Sharon made a face. That was probably too long to be helpful. “What’s within fifty minutes of here?”
“At least a thousand different farms, factories, industrial estates, and private properties with outbuildings and a good water supply for the growth tanks. Quite a lot of biomass agriculture.” He caught her look. “We’re prioritizing anyone who objected to Thames Tidal during the consultation stage, or signed that Estuary Preservation petition to try and block the power plant coming online, but unfortunately, that doesn’t narrow it down very much. At this point I have to assume we’ll be searching all of them.”
“How’s that going?”
“Slowly. Lots of indignant farmers and site managers who can’t imagine why we want to talk to them—or look around their premises.” He frowned, scratching at the mosquito bite. “They all maintain they know nothing about it, and so far we haven’t found any evidence to the contrary.
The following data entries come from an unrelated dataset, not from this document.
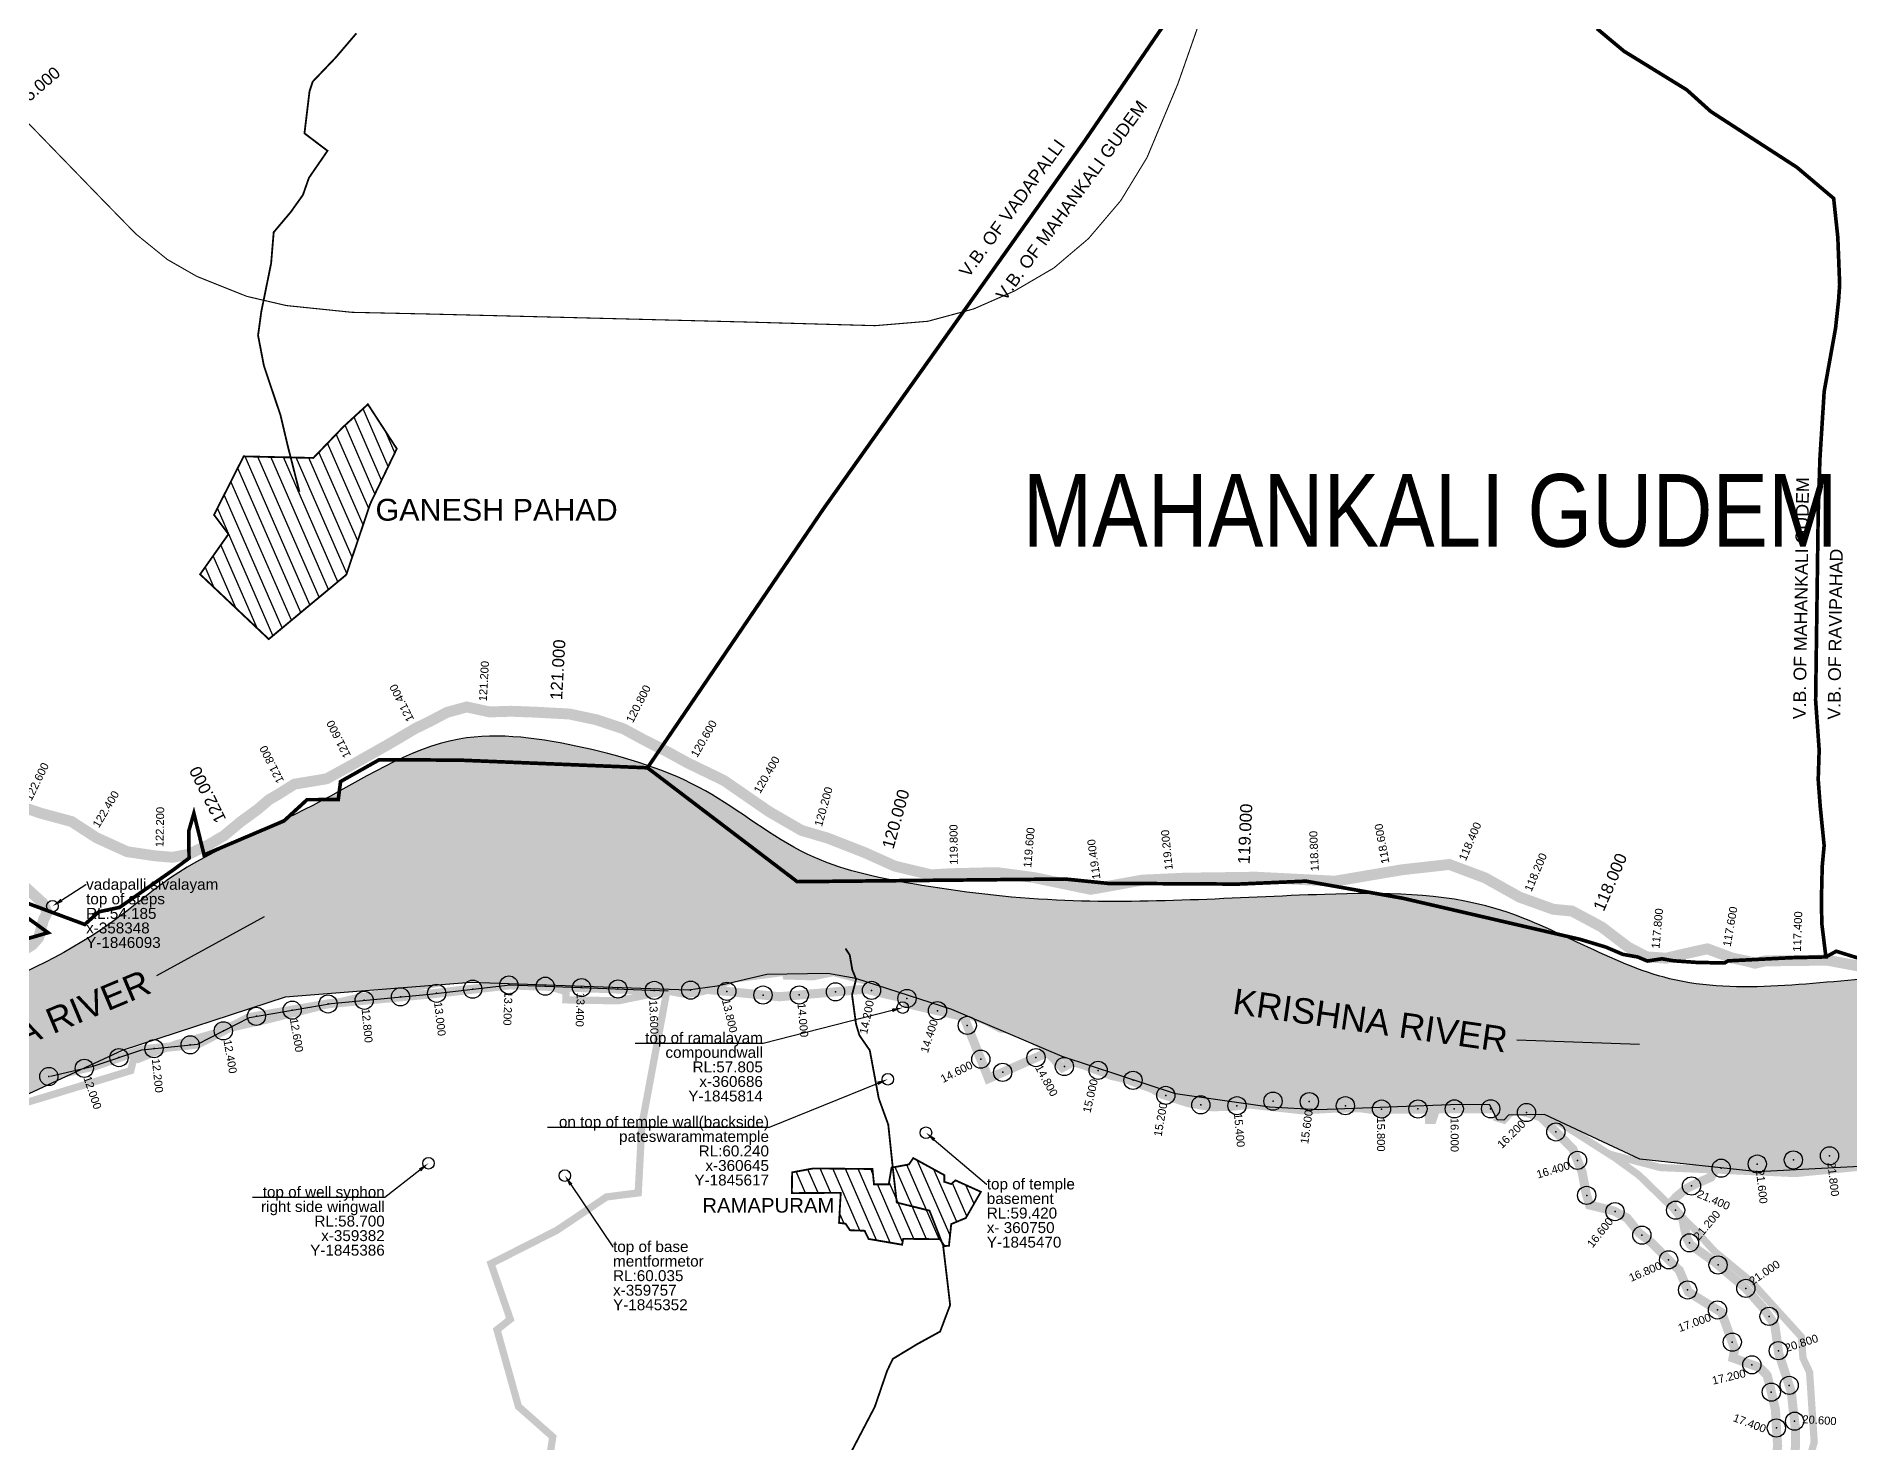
# Model space of a CAD drawing. Header units: millimetres. Extents: x 345922 to 402103, y 1833175 to 1858598.
# Drawn here: x 358304 to 363290, y 1844617 to 1848486 of the extents above; entities that cross this region are included whole.
import ezdxf
from ezdxf import colors
from ezdxf.entities.mleader import LeaderData, LeaderLine
from ezdxf.enums import TextEntityAlignment as Align
from ezdxf.math import Vec2, Vec3

# ---------------------------------------------------------------- set-up
doc = ezdxf.new("R2010")
doc.units = ezdxf.units.MM
doc.header["$PDMODE"] = 32
doc.header["$PDSIZE"] = 50
doc.linetypes.add('JIS_02_1.0', pattern=[2, 1, -1])
for name, color, linetype in [('BND', 160, 'Continuous'), ('FRL', 3, 'Continuous'), ('points', 161, 'Continuous'), ('ROADS', 10, 'Continuous'), ('STREAM111', 4, 'Continuous'), ('TBM', 7, 'Continuous'), ('TEXT', 7, 'Continuous'), ('VILLAGE AREA', 44, 'Continuous'), ('VILLAGE NAMES', 7, 'Continuous')]:
    doc.layers.add(name, color=color, linetype=linetype)
doc.styles.add('FONT1', font='Arial')
doc.styles.get("Standard").update_dxf_attribs({"font": 'arial.ttf'})
doc.styles.add('style1', font='')
doc.styles.get('style1').set_extended_font_data('Bahnschrift Condensed')
doc.linetypes.add('TRACKS', pattern='A,0.15,[130,ltypeshp.shx,S=0.25,R=0,X=0,Y=0],0.15', length=0.3)
doc.dimstyles.get("Standard").update_dxf_attribs({"dimtxt": 0.18, "dimasz": 0.18, "dimexe": 0.18, "dimexo": 0.0625, "dimgap": 0.09, "dimtad": 0, "dimtih": 1, "dimtoh": 1, "dimdec": 4, "dimzin": 0, "dimdsep": 46, "dimtxsty": 'Standard', "dimcen": 0.09, "dimadec": 0, "dimazin": 0, "dimtfac": 1, "dimtdec": 4, "dimtofl": 0, "dimtmove": 0, "dimatfit": 3, "dimfxl": 1, "dimtolj": 1, "dimtzin": 0, "dimarcsym": 0})
pattern_1 = [(113.5464313, (0, 0), (-29.1063882, -12.6838743), [])]

msp = doc.modelspace()

# ---------------------------------------------------------------- hatches: boundary and pattern name
at = {"layer": 'STREAM111'}
h = msp.add_hatch(dxfattribs=at)
h.set_pattern_fill('DASH,_O', color=4, scale=20, angle=45)
h.set_pattern_definition([(45, (0, 0), (7e-15, 89.8025612), [63.5, -63.5])])
edge = h.paths.add_edge_path()
edge.add_line((360312.4, 1845904.9), (360480.1, 1845907.5))
edge.add_line((360480.1, 1845907.5), (360557.2, 1845894.3))
edge.add_line((360557.2, 1845894.3), (360821, 1845809.2))
edge.add_line((360821, 1845809.2), (361124.9, 1845679.8))
edge.add_line((361124.9, 1845679.8), (361436.3, 1845577.4))
edge.add_line((361436.3, 1845577.4), (361695, 1845540.3))
edge.add_line((361695, 1845540.3), (361829.6, 1845532.7))
edge.add_line((361829.6, 1845532.7), (362216, 1845547.5))
edge.add_line((362216, 1845547.5), (362300.6, 1845547))
edge.add_line((362300.6, 1845547), (362320.4, 1845505.3))
edge.add_line((362320.4, 1845505.3), (362339.3, 1845504.7))
edge.add_line((362339.3, 1845504.7), (362352.2, 1845518.6))
edge.add_line((362352.2, 1845518.6), (362450.3, 1845520.1))
edge.add_line((362450.3, 1845520.1), (362712.6, 1845397.4))
edge.add_line((362712.6, 1845397.4), (363038.7, 1845362.4))
edge.add_line((363038.7, 1845362.4), (363526.7, 1845388.4))
edge.add_line((363526.7, 1845388.4), (364040.3, 1845531.1))
edge.add_line((364040.3, 1845531.1), (364255.8, 1845521))
edge.add_line((364255.8, 1845521), (364342.1, 1845671))
edge.add_line((364342.1, 1845671), (365004.6, 1846711.3))
edge.add_line((365004.6, 1846711.3), (365605.4, 1847420.4))
edge.add_line((365605.4, 1847420.4), (365918.3, 1847841.6))
edge.add_line((365918.3, 1847841.6), (365878.7, 1848090.8))
edge.add_line((365878.7, 1848090.8), (365924, 1848305))
edge.add_line((365924, 1848305), (366156.5, 1848619.5))
edge.add_line((366156.5, 1848619.5), (366280.2, 1848725.3))
edge.add_line((366280.2, 1848725.3), (366437.8, 1848794.5))
edge.add_line((366437.8, 1848794.5), (366629.9, 1848860.6))
edge.add_line((366629.9, 1848860.6), (366661.1, 1848902.5))
edge.add_line((366661.1, 1848902.5), (366851.1, 1849031))
edge.add_line((366851.1, 1849031), (367076, 1849132))
edge.add_line((367076, 1849132), (367572, 1849263.5))
edge.add_line((367572, 1849263.5), (367784.8, 1849294.3))
edge.add_line((367784.8, 1849294.3), (368319.3, 1849535.4))
edge.add_line((368319.3, 1849535.4), (368559.9, 1849652.3))
edge.add_line((368559.9, 1849652.3), (368808.4, 1849776.7))
edge.add_line((368808.4, 1849776.7), (369389.2, 1850008.7))
edge.add_line((369389.2, 1850008.7), (369588.7, 1850036.9))
edge.add_line((369588.7, 1850036.9), (369888.9, 1850054.2))
edge.add_line((369888.9, 1850054.2), (370056.2, 1850015.8))
edge.add_line((370056.2, 1850015.8), (370500.8, 1849986.4))
edge.add_line((370500.8, 1849986.4), (370760.6, 1849858.5))
edge.add_line((370760.6, 1849858.5), (370998.4, 1849726.3))
edge.add_line((370998.4, 1849726.3), (371143.5, 1849582))
edge.add_line((371143.5, 1849582), (371265.2, 1849377))
edge.add_line((371265.2, 1849377), (371303, 1849010.8))
edge.add_line((371303, 1849010.8), (371440.3, 1848548.1))
edge.add_line((371440.3, 1848548.1), (371518.2, 1848014))
edge.add_line((371518.2, 1848014), (371609.4, 1847658))
edge.add_line((371609.4, 1847658), (371832.6, 1847472.2))
edge.add_line((371832.6, 1847472.2), (372158.3, 1847071.2))
edge.add_line((372158.3, 1847071.2), (372338.4, 1846857.5))
edge.add_line((372338.4, 1846857.5), (372543.7, 1846547.9))
edge.add_line((372543.7, 1846547.9), (372690.6, 1846393.3))
edge.add_line((372690.6, 1846393.3), (373054, 1846066.4))
edge.add_line((373054, 1846066.4), (373259, 1845909.1))
edge.add_line((373259, 1845909.1), (373481, 1845784.8))
edge.add_line((373481, 1845784.8), (373756.3, 1845640.9))
edge.add_line((373756.3, 1845640.9), (373996.6, 1845568.4))
edge.add_line((373996.6, 1845568.4), (374200, 1845585.5))
edge.add_line((374200, 1845585.5), (374487.4, 1845634.4))
edge.add_line((374487.4, 1845634.4), (374726.7, 1845715.3))
edge.add_line((374726.7, 1845715.3), (375064.6, 1845862.9))
edge.add_line((375064.6, 1845862.9), (375537.5, 1845990.1))
edge.add_line((375537.5, 1845990.1), (375905.4, 1846141.8))
edge.add_line((375905.4, 1846141.8), (375577, 1846618.8))
edge.add_line((375577, 1846618.8), (375526.7, 1846545.7))
edge.add_line((375526.7, 1846545.7), (375428.1, 1846321.7))
edge.add_line((375428.1, 1846321.7), (375393.9, 1846260.6))
edge.add_line((375393.9, 1846260.6), (375319.8, 1846223.6))
edge.add_line((375319.8, 1846223.6), (375200.2, 1846158.1))
edge.add_line((375200.2, 1846158.1), (374896.2, 1846028.1))
edge.add_line((374896.2, 1846028.1), (374775.1, 1845992.5))
edge.add_line((374775.1, 1845992.5), (374659.8, 1845954.1))
edge.add_line((374659.8, 1845954.1), (374468.6, 1845908.4))
edge.add_line((374468.6, 1845908.4), (374304.7, 1845888.5))
edge.add_line((374304.7, 1845888.5), (374162.3, 1845877.1))
edge.add_line((374162.3, 1845877.1), (373881.3, 1845912.8))
edge.add_line((373881.3, 1845912.8), (373777.3, 1845949.8))
edge.add_line((373777.3, 1845949.8), (373681.8, 1846023.8))
edge.add_line((373681.8, 1846023.8), (373544.8, 1846193.8))
edge.add_line((373544.8, 1846193.8), (373472.2, 1846297.7))
edge.add_line((373472.2, 1846297.7), (373393.8, 1846394.5))
edge.add_line((373393.8, 1846394.5), (373284.1, 1846492.6))
edge.add_line((373284.1, 1846492.6), (373009.7, 1846804.4))
edge.add_line((373009.7, 1846804.4), (372901.1, 1846958.2))
edge.add_line((372901.1, 1846958.2), (372766.8, 1847192.8))
edge.add_line((372766.8, 1847192.8), (372656.1, 1847372.7))
edge.add_line((372656.1, 1847372.7), (372613, 1847438))
edge.add_line((372613, 1847438), (372539.3, 1847503.3))
edge.add_line((372539.3, 1847503.3), (372387.6, 1847604.7))
edge.add_line((372387.6, 1847604.7), (372217.7, 1847744.1))
edge.add_line((372217.7, 1847744.1), (372034, 1847883.4))
edge.add_line((372034, 1847883.4), (371929.6, 1847980.7))
edge.add_line((371929.6, 1847980.7), (371828.7, 1848173.2))
edge.add_line((371828.7, 1848173.2), (371715.3, 1848396.9))
edge.add_line((371715.3, 1848396.9), (371643.8, 1848678.5))
edge.add_line((371643.8, 1848678.5), (371591.1, 1848840))
edge.add_line((371591.1, 1848840), (371456.5, 1849263.5))
edge.add_line((371456.5, 1849263.5), (371414.2, 1849498.9))
edge.add_line((371414.2, 1849498.9), (371312, 1849769.7))
edge.add_line((371312, 1849769.7), (371239, 1849918.9))
edge.add_line((371239, 1849918.9), (371024.5, 1850114.1))
edge.add_line((371024.5, 1850114.1), (370792.3, 1850318.7))
edge.add_line((370792.3, 1850318.7), (370617, 1850424.1))
edge.add_line((370617, 1850424.1), (370453.2, 1850451.6))
edge.add_line((370453.2, 1850451.6), (370045.9, 1850438.7))
edge.add_line((370045.9, 1850438.7), (369901.1, 1850435.9))
edge.add_line((369901.1, 1850435.9), (369863.2, 1850432))
edge.add_line((369863.2, 1850432), (369636.1, 1850417.2))
edge.add_line((369636.1, 1850417.2), (369473.7, 1850396.9))
edge.add_line((369473.7, 1850396.9), (369263.9, 1850383.4))
edge.add_line((369263.9, 1850383.4), (369125.1, 1850352.9))
edge.add_line((369125.1, 1850352.9), (368996.5, 1850292.1))
edge.add_line((368996.5, 1850292.1), (368861.2, 1850204.2))
edge.add_line((368861.2, 1850204.2), (368671.7, 1850102.8))
edge.add_line((368671.7, 1850102.8), (368448.3, 1850018.3))
edge.add_line((368448.3, 1850018.3), (368272.4, 1849913.5))
edge.add_line((368272.4, 1849913.5), (368004.2, 1849827.1))
edge.add_line((368004.2, 1849827.1), (367788.8, 1849714.8))
edge.add_line((367788.8, 1849714.8), (367519.3, 1849605.2))
edge.add_line((367519.3, 1849605.2), (367186.6, 1849449))
edge.add_line((367186.6, 1849449), (366786.7, 1849232))
edge.add_line((366786.7, 1849232), (366520.6, 1849095.8))
edge.add_line((366520.6, 1849095.8), (366203.8, 1848968.1))
edge.add_line((366203.8, 1848968.1), (366030.8, 1848868.4))
edge.add_line((366030.8, 1848868.4), (365841.2, 1848735.4))
edge.add_line((365841.2, 1848735.4), (365673, 1848657.9))
edge.add_arc((365678.8, 1848638.8), 20, 106.8474, 172.1337)
edge.add_arc((366210.4, 1848161.8), 730.8, 138.9743, 154.1147)
edge.add_line((365552.9, 1848480.9), (365495.4, 1848364.8))
edge.add_arc((365995.6, 1848175.1), 535, 159.2374, 179.5382)
edge.add_line((365460.7, 1848179.4), (365365.8, 1848042.3))
edge.add_line((365365.8, 1848042.3), (365228.7, 1847989.9))
edge.add_line((365228.7, 1847989.9), (365128.7, 1847897.9))
edge.add_line((365128.7, 1847897.9), (364872.5, 1847479.8))
edge.add_spline(control_points=[(364872.5, 1847479.8), (364751.5, 1847238.1), (364508.2, 1846751.8), (364198.4, 1846147.9), (363744.8, 1845891.7), (363315.2, 1845910.5), (362809.7, 1845812), (362342.9, 1846131.5), (361754.6, 1846130), (361221.5, 1846087.1), (360745.8, 1846143.6), (360403.7, 1846216.2), (360146.2, 1846435.8), (359817, 1846535.7), (359424, 1846595.5), (359070.8, 1846351.3), (358733.8, 1846232.3), (358457.7, 1845994.9), (358118.2, 1845832.2), (357705.8, 1845724.4), (357317.7, 1845758.8), (357023.9, 1845510.6), (356849.3, 1845128.2), (356580, 1844792.4), (356446, 1844297.4), (356030.9, 1843955.3), (355574.1, 1843591.3), (355217, 1843272.9), (354944.6, 1842979.2), (354741.7, 1842776.2), (354523.6, 1842634), (354411.3, 1842454.7), (354037.5, 1842257.1), (353652.6, 1842879.1), (352957.2, 1842601.1), (352440.3, 1843123.6), (351871, 1843339), (351505.9, 1843559), (351379.9, 1843635)], knot_values=[0, 0, 0, 0, 816.927526, 1643.761803, 1962.087642, 2311.263035, 2917.580945, 3432.028985, 3904.205199, 4642.49363, 5040.443251, 5342.292141, 5671.412453, 6026.576286, 6370.093912, 6811.380667, 7250.662048, 7436.99095, 7895.132819, 8364.635402, 8711.468131, 9007.199942, 9440.815909, 9972.938838, 10276.359737, 10947.391125, 11503.408839, 12052.094683, 12374.742608, 12705.71871, 12912.047162, 13143.644243, 13334.200632, 14061.252952, 14648.51574, 15221.119517, 16056.071013, 16495.766696, 16495.766696, 16495.766696, 16495.766696], degree=3, periodic=0)
edge.add_line((351379.9, 1843635), (351106.5, 1843677.9))
edge.add_line((351106.5, 1843677.9), (350518.1, 1843637.9))
edge.add_line((350518.1, 1843637.9), (349724.7, 1843369))
edge.add_line((349724.7, 1843369), (349436.5, 1843040.9))
edge.add_line((349436.5, 1843040.9), (349048.2, 1842444.9))
edge.add_line((349048.2, 1842444.9), (348671.9, 1842188.8))
edge.add_line((348671.9, 1842188.8), (348888.3, 1841967.1))
edge.add_line((348888.3, 1841967.1), (349205.6, 1842299.6))
edge.add_line((349205.6, 1842299.6), (349306, 1842415.8))
edge.add_line((349306, 1842415.8), (349375, 1842547))
edge.add_line((349375, 1842547), (349580.2, 1842817.4))
edge.add_line((349580.2, 1842817.4), (349946.5, 1843185.7))
edge.add_line((349946.5, 1843185.7), (350272.4, 1843335.3))
edge.add_line((350272.4, 1843335.3), (350789.1, 1843428))
edge.add_line((350789.1, 1843428), (350998.9, 1843450.7))
edge.add_line((350998.9, 1843450.7), (351278.4, 1843398.7))
edge.add_line((351278.4, 1843398.7), (351614, 1843322.1))
edge.add_line((351614, 1843322.1), (352008.9, 1843081.7))
edge.add_line((352008.9, 1843081.7), (352174.8, 1842941.3))
edge.add_line((352174.8, 1842941.3), (352417, 1842669.9))
edge.add_line((352417, 1842669.9), (353146.2, 1842474.1))
edge.add_line((353146.2, 1842474.1), (353409.4, 1842271.6))
edge.add_line((353409.4, 1842271.6), (354057, 1842133))
edge.add_line((354057, 1842133), (354305.9, 1842172.8))
edge.add_line((354305.9, 1842172.8), (354684.2, 1842415.5))
edge.add_line((354684.2, 1842415.5), (355191.1, 1842879.5))
edge.add_line((355191.1, 1842879.5), (355737, 1843173.6))
edge.add_line((355737, 1843173.6), (356070, 1843283.5))
edge.add_line((356070, 1843283.5), (356311.5, 1843442.1))
edge.add_line((356311.5, 1843442.1), (356569.1, 1843861.7))
edge.add_line((356569.1, 1843861.7), (356851.2, 1844266.5))
edge.add_line((356851.2, 1844266.5), (357016.9, 1844488.8))
edge.add_line((357016.9, 1844488.8), (357044.6, 1844633.6))
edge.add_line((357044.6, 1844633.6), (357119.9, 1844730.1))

But it’s conservative country out here, boss.” He gestured in the general direction of the lane, the surrounding suburbs, and the vast swathes of domesticated countryside beyond the bypass that defined the city’s limits. “No one’s come right out in support of the attack—they’re not stupid—but there isn’t the level of disapproval you’d expect, either. There’s a lot of ‘us and them’ language, along with a sort of . . . well, appreciation, really. A lot of remarks about how it shows gems aren’t the only clever folk around these days, all said very jovially, and when pressed they swear they don’t mean anything by it. That’s probably true, but it’s not the kind of thing you’d hear in east London, is it?”